Zero Tolerance for Physical Restraints: Difficult But Not Impossible

Joseph H. Flaherty

Division of Geriatric Medicine, Saint Louis University School of Medicine, and GRECC, VA Medical Center, St. Louis, Missouri.

THE letter by Woo and others (1) highlights an enduring challenge for health care professionals who care for older persons: the use of restraints. The letter by deVries and others (2), however, is an excellent stepping stone towards a goal that is obtainable: restraint-free hospitals and nursing facilities. The fact that it is done in some European hospitals as reported by deVries, in some U.S. hospitals, even among delirious patients (3), and some nursing facilities (4,5,6) should be evidence enough that it can be done elsewhere. It is fortuitous that the deVries study was done by geriatricians who were participants of the European Academy of Medicine of Ageing (EAMA). One of the aims of the EAMA is "to harmonize the attitudes and goals of future opinion leaders in geriatric medicine throughout Europe" (7). As leaders, it may not be enough to "encourage" health care professionals not to use physical restraints. Rather, a restraint-free environment should be held up as the standard of care, and anything less is substandard. As has been previously argued in the Journal, it is the responsibility of geriatricians to argue for enhanced quality of care for our vulnerable patients (8–10).

The most common arguments against achieving this standard are either related to nursing issues (financial or workforce) or related to a system that is too difficult to change. On the contrary, we would argue that the stumbling blocks to achieving the standard are related to misperception, misplaced priorities, and misleading data.

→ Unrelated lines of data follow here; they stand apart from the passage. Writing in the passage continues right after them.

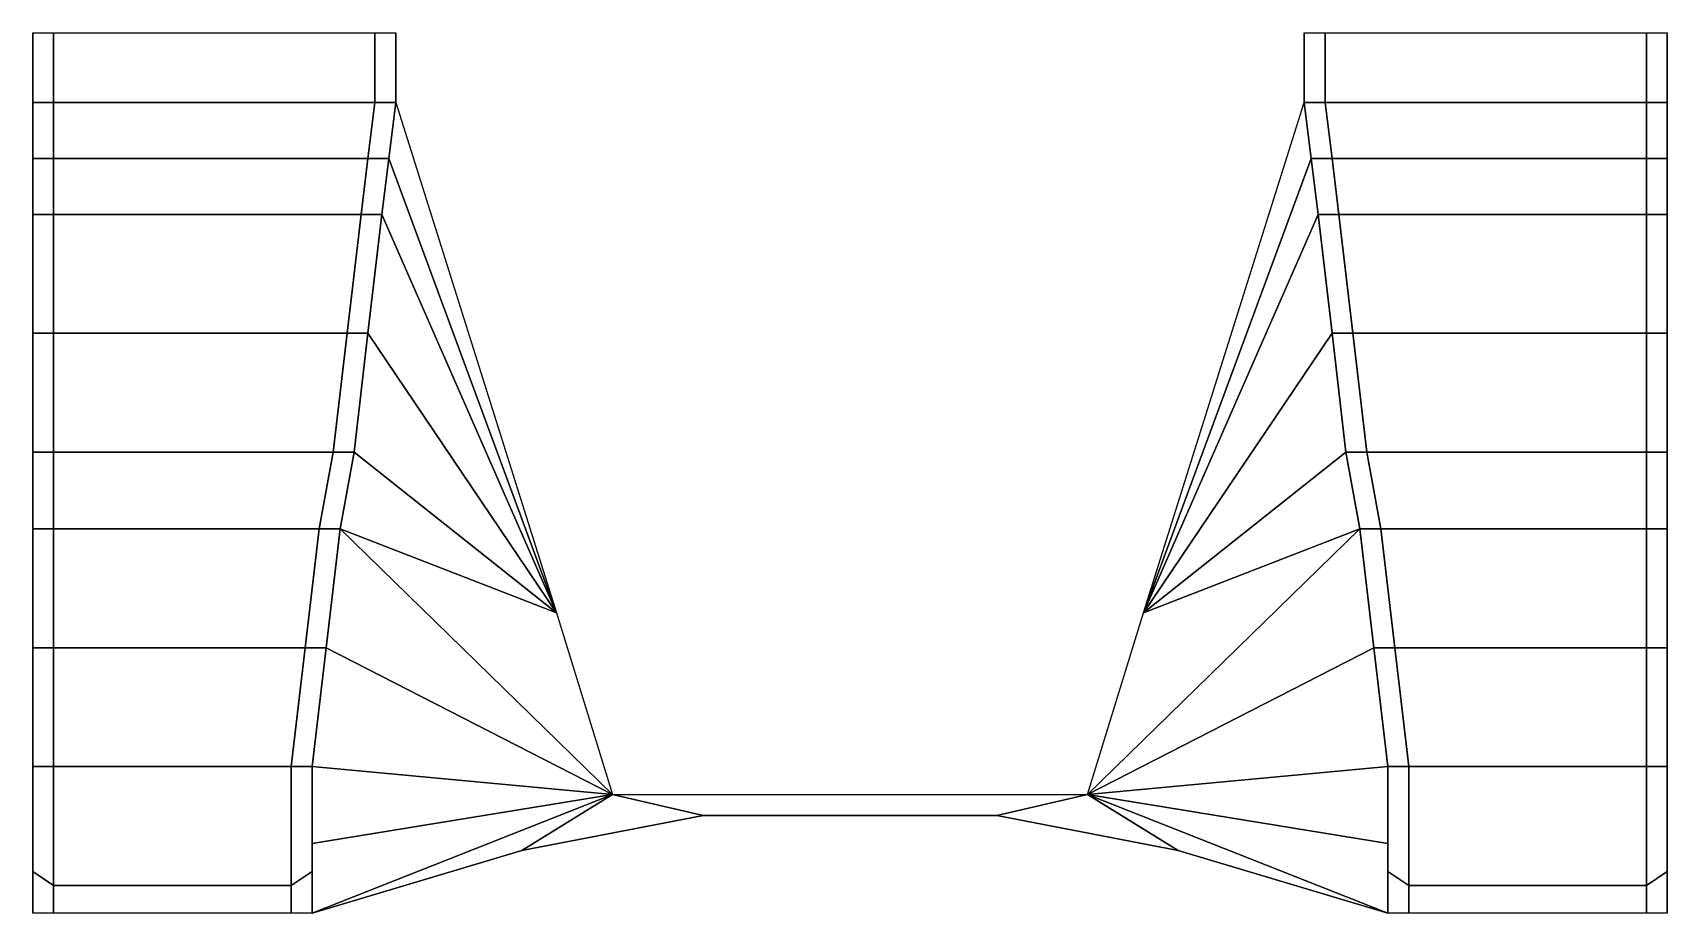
# Model space of a CAD drawing. Extents: x -1.17 to 1.17, y -3.3 to -2.04.
import ezdxf

# ---------------------------------------------------------------- set-up
doc = ezdxf.new("R2010")
doc.units = 0
doc.layers.add('FENDERS', color=6, linetype='CONTINUOUS')

msp = doc.modelspace()

# ---------------------------------------------------------------- linework, layer by layer
at = {"layer": 'FENDERS'}
for points in [[(-1.14, -2.14, 0.89), (-1.17, -2.14, 0.8), (-1.17, -2.04, 0.61), (-1.14, -2.04, 0.7)], [(-1.17, -2.14, 0.8), (-1.17, -2.14, 0.68), (-1.17, -2.04, 0.49), (-1.17, -2.04, 0.61)], [(-0.68, -2.14, 0.89), (-1.14, -2.14, 0.89), (-1.14, -2.04, 0.7), (-0.68, -2.04, 0.7)], [(-0.65, -2.14, 0.8), (-0.68, -2.14, 0.89), (-0.68, -2.04, 0.7), (-0.65, -2.04, 0.61)], [(-0.65, -2.14, 0.68), (-0.65, -2.14, 0.8), (-0.65, -2.04, 0.61), (-0.65, -2.04, 0.49)], [(0.68, -2.14, 0.89), (0.65, -2.14, 0.8), (0.65, -2.04, 0.61), (0.68, -2.04, 0.7)], [(0.65, -2.14, 0.8), (0.65, -2.14, 0.68), (0.65, -2.04, 0.49), (0.65, -2.04, 0.61)], [(1.14, -2.14, 0.89), (0.68, -2.14, 0.89), (0.68, -2.04, 0.7), (1.14, -2.04, 0.7)], [(1.17, -2.14, 0.8), (1.14, -2.14, 0.89), (1.14, -2.04, 0.7), (1.17, -2.04, 0.61)], [(1.17, -2.14, 0.68), (1.17, -2.14, 0.8), (1.17, -2.04, 0.61), (1.17, -2.04, 0.49)], [(-1.17, -2.22, 0.99), (-1.17, -2.22, 0.92), (-1.17, -2.14, 0.68), (-1.17, -2.14, 0.8)], [(-1.14, -2.22, 1.04), (-1.17, -2.22, 0.99), (-1.17, -2.14, 0.8), (-1.14, -2.14, 0.89)], [(-0.69, -2.22, 1.04), (-1.14, -2.22, 1.04), (-1.14, -2.14, 0.89), (-0.68, -2.14, 0.89)], [(-0.66, -2.22, 0.99), (-0.69, -2.22, 1.04), (-0.68, -2.14, 0.89), (-0.65, -2.14, 0.8)], [(-0.66, -2.22, 0.92), (-0.66, -2.22, 0.99), (-0.65, -2.14, 0.8), (-0.65, -2.14, 0.68)], [(-0.42, -2.87, 0.93), (-0.66, -2.22, 0.92), (-0.65, -2.14, 0.92)], [(0.42, -2.87, 0.93), (0.65, -2.14, 0.92), (0.66, -2.22, 0.92), (0.42, -2.87, 0.93)], [(0.66, -2.22, 0.99), (0.66, -2.22, 0.92), (0.65, -2.14, 0.68), (0.65, -2.14, 0.8)], [(0.69, -2.22, 1.04), (0.66, -2.22, 0.99), (0.65, -2.14, 0.8), (0.68, -2.14, 0.89)], [(1.14, -2.22, 1.04), (0.69, -2.22, 1.04), (0.68, -2.14, 0.89), (1.14, -2.14, 0.89)], [(1.17, -2.22, 0.99), (1.14, -2.22, 1.04), (1.14, -2.14, 0.89), (1.17, -2.14, 0.8)], [(1.17, -2.22, 0.92), (1.17, -2.22, 0.99), (1.17, -2.14, 0.8), (1.17, -2.14, 0.68)], [(-1.14, -2.3, 1.13), (-1.17, -2.3, 1.08), (-1.17, -2.22, 0.99), (-1.14, -2.22, 1.04)], [(-1.17, -2.3, 1.08), (-1.17, -2.3, 1.01), (-1.17, -2.22, 0.92), (-1.17, -2.22, 0.99)], [(-0.7, -2.3, 1.13), (-1.14, -2.3, 1.13), (-1.14, -2.22, 1.04), (-0.69, -2.22, 1.04)], [(-0.67, -2.3, 1.08), (-0.7, -2.3, 1.13), (-0.69, -2.22, 1.04), (-0.66, -2.22, 0.99)], [(-0.67, -2.3, 0.92), (-0.67, -2.3, 1.08), (-0.66, -2.22, 0.99), (-0.66, -2.22, 0.92)], [(-0.42, -2.87, 0.93), (-0.67, -2.3, 0.92), (-0.66, -2.22, 0.92)], [(0.42, -2.87, 0.93), (0.66, -2.22, 0.92), (0.67, -2.3, 0.92), (0.42, -2.87, 0.93)], [(0.7, -2.3, 1.13), (0.67, -2.3, 1.08), (0.66, -2.22, 0.99), (0.69, -2.22, 1.04)], [(0.67, -2.3, 1.08), (0.67, -2.3, 0.92), (0.66, -2.22, 0.92), (0.66, -2.22, 0.99)], [(1.14, -2.3, 1.13), (0.7, -2.3, 1.13), (0.69, -2.22, 1.04), (1.14, -2.22, 1.04)], [(1.17, -2.3, 1.08), (1.14, -2.3, 1.13), (1.14, -2.22, 1.04), (1.17, -2.22, 0.99)], [(1.17, -2.3, 1.01), (1.17, -2.3, 1.08), (1.17, -2.22, 0.99), (1.17, -2.22, 0.92)], [(-1.17, -2.47, 1.19), (-1.17, -2.47, 1.12), (-1.17, -2.3, 1.01), (-1.17, -2.3, 1.08)], [(-1.14, -2.47, 1.24), (-1.17, -2.47, 1.19), (-1.17, -2.3, 1.08), (-1.14, -2.3, 1.13)], [(-0.72, -2.47, 1.24), (-1.14, -2.47, 1.24), (-1.14, -2.3, 1.13), (-0.7, -2.3, 1.13)], [(-0.69, -2.47, 1.19), (-0.72, -2.47, 1.24), (-0.7, -2.3, 1.13), (-0.67, -2.3, 1.08)], [(-0.69, -2.47, 0.92), (-0.69, -2.47, 1.19), (-0.67, -2.3, 1.08), (-0.67, -2.3, 0.92)], [(-0.42, -2.87, 0.93), (-0.69, -2.47, 0.92), (-0.67, -2.3, 0.92)], [(0.42, -2.87, 0.93), (0.67, -2.3, 0.92), (0.69, -2.47, 0.92), (0.42, -2.87, 0.93)], [(0.72, -2.47, 1.24), (0.69, -2.47, 1.19), (0.67, -2.3, 1.08), (0.7, -2.3, 1.13)], [(0.69, -2.47, 1.19), (0.69, -2.47, 0.92), (0.67, -2.3, 0.92), (0.67, -2.3, 1.08)], [(1.14, -2.47, 1.24), (0.72, -2.47, 1.24), (0.7, -2.3, 1.13), (1.14, -2.3, 1.13)], [(1.17, -2.47, 1.19), (1.14, -2.47, 1.24), (1.14, -2.3, 1.13), (1.17, -2.3, 1.08)], [(1.17, -2.47, 1.12), (1.17, -2.47, 1.19), (1.17, -2.3, 1.08), (1.17, -2.3, 1.01)], [(-1.17, -2.64, 1.24), (-1.17, -2.64, 1.17), (-1.17, -2.47, 1.12), (-1.17, -2.47, 1.19)], [(-1.14, -2.64, 1.29), (-1.17, -2.64, 1.24), (-1.17, -2.47, 1.19), (-1.14, -2.47, 1.24)], [(-0.74, -2.64, 1.29), (-1.14, -2.64, 1.29), (-1.14, -2.47, 1.24), (-0.72, -2.47, 1.24)], [(-0.71, -2.64, 1.24), (-0.74, -2.64, 1.29), (-0.72, -2.47, 1.24), (-0.69, -2.47, 1.19)], [(-0.71, -2.64, 0.92), (-0.71, -2.64, 1.24), (-0.69, -2.47, 1.19), (-0.69, -2.47, 0.92)], [(-0.42, -2.87, 0.93), (-0.71, -2.64, 0.92), (-0.69, -2.47, 0.92)], [(0.42, -2.87, 0.93), (0.69, -2.47, 0.92), (0.71, -2.64, 0.92), (0.42, -2.87, 0.93)], [(0.71, -2.64, 1.24), (0.71, -2.64, 0.92), (0.69, -2.47, 0.92), (0.69, -2.47, 1.19)], [(0.74, -2.64, 1.29), (0.71, -2.64, 1.24), (0.69, -2.47, 1.19), (0.72, -2.47, 1.24)], [(1.14, -2.64, 1.29), (0.74, -2.64, 1.29), (0.72, -2.47, 1.24), (1.14, -2.47, 1.24)], [(1.17, -2.64, 1.24), (1.14, -2.64, 1.29), (1.14, -2.47, 1.24), (1.17, -2.47, 1.19)], [(1.17, -2.64, 1.17), (1.17, -2.64, 1.24), (1.17, -2.47, 1.19), (1.17, -2.47, 1.12)], [(-1.17, -2.75, 1.24), (-1.17, -2.75, 1.17), (-1.17, -2.64, 1.17), (-1.17, -2.64, 1.24)], [(-1.14, -2.75, 1.29), (-1.17, -2.75, 1.24), (-1.17, -2.64, 1.24), (-1.14, -2.64, 1.29)], [(-0.76, -2.75, 1.29), (-1.14, -2.75, 1.29), (-1.14, -2.64, 1.29), (-0.74, -2.64, 1.29)], [(-0.73, -2.75, 1.24), (-0.76, -2.75, 1.29), (-0.74, -2.64, 1.29), (-0.71, -2.64, 1.24)], [(-0.73, -2.75, 0.92), (-0.73, -2.75, 1.24), (-0.71, -2.64, 1.24), (-0.71, -2.64, 0.92)], [(-0.42, -2.87, 0.93), (-0.73, -2.75, 0.92), (-0.71, -2.64, 0.92), (-0.42, -2.87, 0.93)], [(0.42, -2.87, 0.93), (0.71, -2.64, 0.92), (0.73, -2.75, 0.92), (0.42, -2.87, 0.93)], [(0.73, -2.75, 1.24), (0.73, -2.75, 0.92), (0.71, -2.64, 0.92), (0.71, -2.64, 1.24)], [(0.76, -2.75, 1.29), (0.73, -2.75, 1.24), (0.71, -2.64, 1.24), (0.74, -2.64, 1.29)], [(1.14, -2.75, 1.29), (0.76, -2.75, 1.29), (0.74, -2.64, 1.29), (1.14, -2.64, 1.29)], [(1.17, -2.75, 1.24), (1.14, -2.75, 1.29), (1.14, -2.64, 1.29), (1.17, -2.64, 1.24)], [(1.17, -2.75, 1.17), (1.17, -2.75, 1.24), (1.17, -2.64, 1.24), (1.17, -2.64, 1.17)], [(-1.17, -2.92, 1.21), (-1.17, -2.92, 1.14), (-1.17, -2.75, 1.17), (-1.17, -2.75, 1.24)], [(-1.14, -2.92, 1.26), (-1.17, -2.92, 1.21), (-1.17, -2.75, 1.24), (-1.14, -2.75, 1.29)], [(-0.78, -2.92, 1.26), (-1.14, -2.92, 1.26), (-1.14, -2.75, 1.29), (-0.76, -2.75, 1.29)], [(-0.75, -2.92, 1.21), (-0.78, -2.92, 1.26), (-0.76, -2.75, 1.29), (-0.73, -2.75, 1.24)], [(-0.75, -2.92, 0.92), (-0.75, -2.92, 1.21), (-0.73, -2.75, 1.24), (-0.73, -2.75, 0.92)], [(-0.34, -3.13, 0.93), (-0.75, -2.92, 0.92), (-0.73, -2.75, 0.92), (-0.34, -3.13, 0.93)], [(-0.42, -2.87, 0.93), (-0.34, -3.13, 0.93), (-0.73, -2.75, 0.92), (-0.42, -2.87, 0.93)], [(0.34, -3.13, 0.93), (0.73, -2.75, 0.92), (0.75, -2.92, 0.92), (0.34, -3.13, 0.93)], [(0.34, -3.13, 0.93), (0.42, -2.87, 0.93), (0.73, -2.75, 0.92), (0.34, -3.13, 0.93)], [(0.75, -2.92, 1.21), (0.75, -2.92, 0.92), (0.73, -2.75, 0.92), (0.73, -2.75, 1.24)], [(0.78, -2.92, 1.26), (0.75, -2.92, 1.21), (0.73, -2.75, 1.24), (0.76, -2.75, 1.29)], [(1.14, -2.92, 1.26), (0.78, -2.92, 1.26), (0.76, -2.75, 1.29), (1.14, -2.75, 1.29)], [(1.17, -2.92, 1.21), (1.14, -2.92, 1.26), (1.14, -2.75, 1.29), (1.17, -2.75, 1.24)], [(1.17, -2.92, 1.14), (1.17, -2.92, 1.21), (1.17, -2.75, 1.24), (1.17, -2.75, 1.17)], [(-1.17, -3.09, 1.12), (-1.17, -3.09, 1.05), (-1.17, -2.92, 1.14), (-1.17, -2.92, 1.21)], [(-1.14, -3.09, 1.17), (-1.17, -3.09, 1.12), (-1.17, -2.92, 1.21), (-1.14, -2.92, 1.26)], [(-0.8, -3.09, 1.17), (-1.14, -3.09, 1.17), (-1.14, -2.92, 1.26), (-0.78, -2.92, 1.26)], [(-0.77, -3.09, 1.12), (-0.8, -3.09, 1.17), (-0.78, -2.92, 1.26), (-0.75, -2.92, 1.21)], [(-0.77, -3.09, 0.92), (-0.77, -3.09, 1.12), (-0.75, -2.92, 1.21), (-0.75, -2.92, 0.92)], [(-0.34, -3.13, 0.93), (-0.77, -3.09, 0.92), (-0.75, -2.92, 0.92), (-0.34, -3.13, 0.93)], [(0.34, -3.13, 0.93), (0.75, -2.92, 0.92), (0.77, -3.09, 0.92), (0.34, -3.13, 0.93)], [(0.77, -3.09, 1.12), (0.77, -3.09, 0.92), (0.75, -2.92, 0.92), (0.75, -2.92, 1.21)], [(0.8, -3.09, 1.17), (0.77, -3.09, 1.12), (0.75, -2.92, 1.21), (0.78, -2.92, 1.26)], [(1.14, -3.09, 1.17), (0.8, -3.09, 1.17), (0.78, -2.92, 1.26), (1.14, -2.92, 1.26)], [(1.17, -3.09, 1.12), (1.14, -3.09, 1.17), (1.14, -2.92, 1.26), (1.17, -2.92, 1.21)], [(1.17, -3.09, 1.05), (1.17, -3.09, 1.12), (1.17, -2.92, 1.21), (1.17, -2.92, 1.14)], [(-1.14, -3.26, 1.04), (-1.17, -3.24, 0.99), (-1.17, -3.09, 1.12), (-1.14, -3.09, 1.17)], [(-1.17, -3.24, 0.99), (-1.17, -3.2, 0.91), (-1.17, -3.09, 1.05), (-1.17, -3.09, 1.12)], [(-0.8, -3.26, 1.04), (-1.14, -3.26, 1.04), (-1.14, -3.09, 1.17), (-0.8, -3.09, 1.17)], [(-0.77, -3.24, 0.99), (-0.8, -3.26, 1.04), (-0.8, -3.09, 1.17), (-0.77, -3.09, 1.12)], [(-0.77, -3.2, 0.91), (-0.77, -3.24, 0.99), (-0.77, -3.09, 1.12), (-0.77, -3.09, 0.92)], [(-0.34, -3.13, 0.93), (-0.77, -3.2, 0.91), (-0.77, -3.09, 0.92), (-0.34, -3.13, 0.93)], [(0.34, -3.13, 0.93), (0.77, -3.09, 0.92), (0.77, -3.2, 0.91), (0.34, -3.13, 0.93)], [(0.8, -3.26, 1.04), (0.77, -3.24, 0.99), (0.77, -3.09, 1.12), (0.8, -3.09, 1.17)], [(0.77, -3.24, 0.99), (0.77, -3.2, 0.91), (0.77, -3.09, 0.92), (0.77, -3.09, 1.12)], [(1.14, -3.26, 1.04), (0.8, -3.26, 1.04), (0.8, -3.09, 1.17), (1.14, -3.09, 1.17)], [(1.17, -3.24, 0.99), (1.14, -3.26, 1.04), (1.14, -3.09, 1.17), (1.17, -3.09, 1.12)], [(1.17, -3.2, 0.91), (1.17, -3.24, 0.99), (1.17, -3.09, 1.12), (1.17, -3.09, 1.05)], [(-0.34, -3.13, 0.93), (-0.47, -3.21, 0.89), (-0.77, -3.3, 0.89), (-0.34, -3.13, 0.93)], [(-0.34, -3.13, 0.93), (-0.77, -3.3, 0.89), (-0.77, -3.2, 0.91), (-0.34, -3.13, 0.93)], [(-0.34, -3.13, 0.93), (-0.21, -3.16, 0.89), (-0.47, -3.21, 0.89), (-0.34, -3.13, 0.93)], [(0.34, -3.13, 0.93), (0.21, -3.16, 0.89), (-0.21, -3.16, 0.89), (-0.34, -3.13, 0.93)], [(0.34, -3.13, 0.93), (0.47, -3.21, 0.89), (0.21, -3.16, 0.89), (0.34, -3.13, 0.93)], [(0.34, -3.13, 0.93), (0.77, -3.3, 0.89), (0.47, -3.21, 0.89), (0.34, -3.13, 0.93)], [(0.34, -3.13, 0.93), (0.77, -3.2, 0.91), (0.77, -3.3, 0.89), (0.34, -3.13, 0.93)], [(-0.21, -3.16, 0.89), (-0.21, -3.16, 0.78), (-0.47, -3.21, 0.78), (-0.47, -3.21, 0.89)], [(0.21, -3.16, 0.89), (0.21, -3.16, 0.78), (-0.21, -3.16, 0.78), (-0.21, -3.16, 0.89)], [(0.47, -3.21, 0.89), (0.47, -3.21, 0.78), (0.21, -3.16, 0.78), (0.21, -3.16, 0.89)], [(-1.17, -3.3, 0.86), (-1.17, -3.27, 0.78), (-1.17, -3.2, 0.91), (-1.17, -3.24, 0.99)], [(-0.77, -3.3, 0.89), (-0.77, -3.3, 0.89), (-0.77, -3.24, 0.99), (-0.77, -3.2, 0.91)], [(0.77, -3.3, 0.89), (0.77, -3.3, 0.89), (0.77, -3.2, 0.91), (0.77, -3.24, 0.99)], [(1.17, -3.27, 0.78), (1.17, -3.3, 0.86), (1.17, -3.24, 0.99), (1.17, -3.2, 0.91)], [(-0.47, -3.21, 0.89), (-0.47, -3.21, 0.78), (-0.77, -3.3, 0.78), (-0.77, -3.3, 0.89)], [(0.77, -3.3, 0.89), (0.77, -3.3, 0.78), (0.47, -3.21, 0.78), (0.47, -3.21, 0.89)], [(-1.14, -3.3, 0.95), (-1.17, -3.3, 0.86), (-1.17, -3.24, 0.99), (-1.14, -3.26, 1.04)], [(-0.77, -3.3, 0.89), (-0.8, -3.3, 0.95), (-0.8, -3.26, 1.04), (-0.77, -3.24, 0.99)], [(0.8, -3.3, 0.95), (0.77, -3.3, 0.89), (0.77, -3.24, 0.99), (0.8, -3.26, 1.04)], [(1.17, -3.3, 0.86), (1.14, -3.3, 0.95), (1.14, -3.26, 1.04), (1.17, -3.24, 0.99)], [(-0.8, -3.3, 0.95), (-1.14, -3.3, 0.95), (-1.14, -3.26, 1.04), (-0.8, -3.26, 1.04)], [(1.14, -3.3, 0.95), (0.8, -3.3, 0.95), (0.8, -3.26, 1.04), (1.14, -3.26, 1.04)]]:
    msp.add_3dface(points, dxfattribs=at)

doc.saveas('drawing.dxf')

Too often, restraint use is blamed on the perception that more nursing staff are needed. While there is some validity to the argument that patient-to-nurse ratios are important (3,11), this is not the most important part of the restraint-free equation. Woo and others found that low staff numbers were not a significant factor associated with restraint use (1). A study by Castle and others (4), based on over 15,000 nursing homes, showed that facilities that were restraint free compared with nonrestraint-free facilities did not differ in the total number of staff per resident. On the other hand, they did find that restraint-free facilities were more likely to use more full-time equivalent (FTE) registered nurses per resident, but fewer FTE nurse aides and licensed practical nurses per resident. Psychoactive drug use rates did not differ between the types of homes (4). Be careful, however, because another study found that initiation of restraint use was associated with a higher rate of licensed nursing personnel (12).

No matter how small a part of the equation the patient-to-nurse ratio is, because of the prevailing perception that it is a major part, we still need to deal with this issue in the fight against restraints. As advocates for older patients, priorities must be put in perspective, and pushing for "high-touch" in addition to high-tech is an integral part of this role. Of note, high-touch should not be equated with a settling of worse outcomes at the expense of comfort. On the contrary, high-touch has the power to save lives also! Compare mortality rates of high-tech heart care with that of simply increasing patient-to-nurse ratios.

Three systematic reviews comparing percutaneous coronary intervention (PCI) (angioplasty) to thrombolytic therapy indicate that for every 1000 cases of ST-segment elevation myocardial infarction, PCI could result in approximately 20 to 30 fewer deaths (13–15).

According to a study to determine the association between patient-to-nurse ratios and patient mortality among surgical patients, Aiken and others calculated that if staffing ratios were 6 patients per nurse rather than 8 patients per nurse, there would be approximately 12 fewer hospital deaths per 1000 patients. If the ratios were 4 instead of 8, the number of prevented deaths would be 23 (11).

The cost differential for an angioplasty compared to thrombolysis is in the thousands per patient (16), while the cost differential to go from 8 nurses per patient to 4 nurses per patients is approximately (US) $450 per patient. [Calculation: 1000 patients x average length of stay of 6 days = 6000 patient days; 6000 patient days divided by 8 patients/nurse = 750 nurses; 750 nurses x 24 hours x $25/hour = $450,000; 6000 patient days divided by 4 patients/nurse = 1500 nurses; 1500 nurses x 24 hours x $25/hour = $900,000; $900,000–$450,000 = $450,000; $450,000 divided by 1000 patients = $450/patient.]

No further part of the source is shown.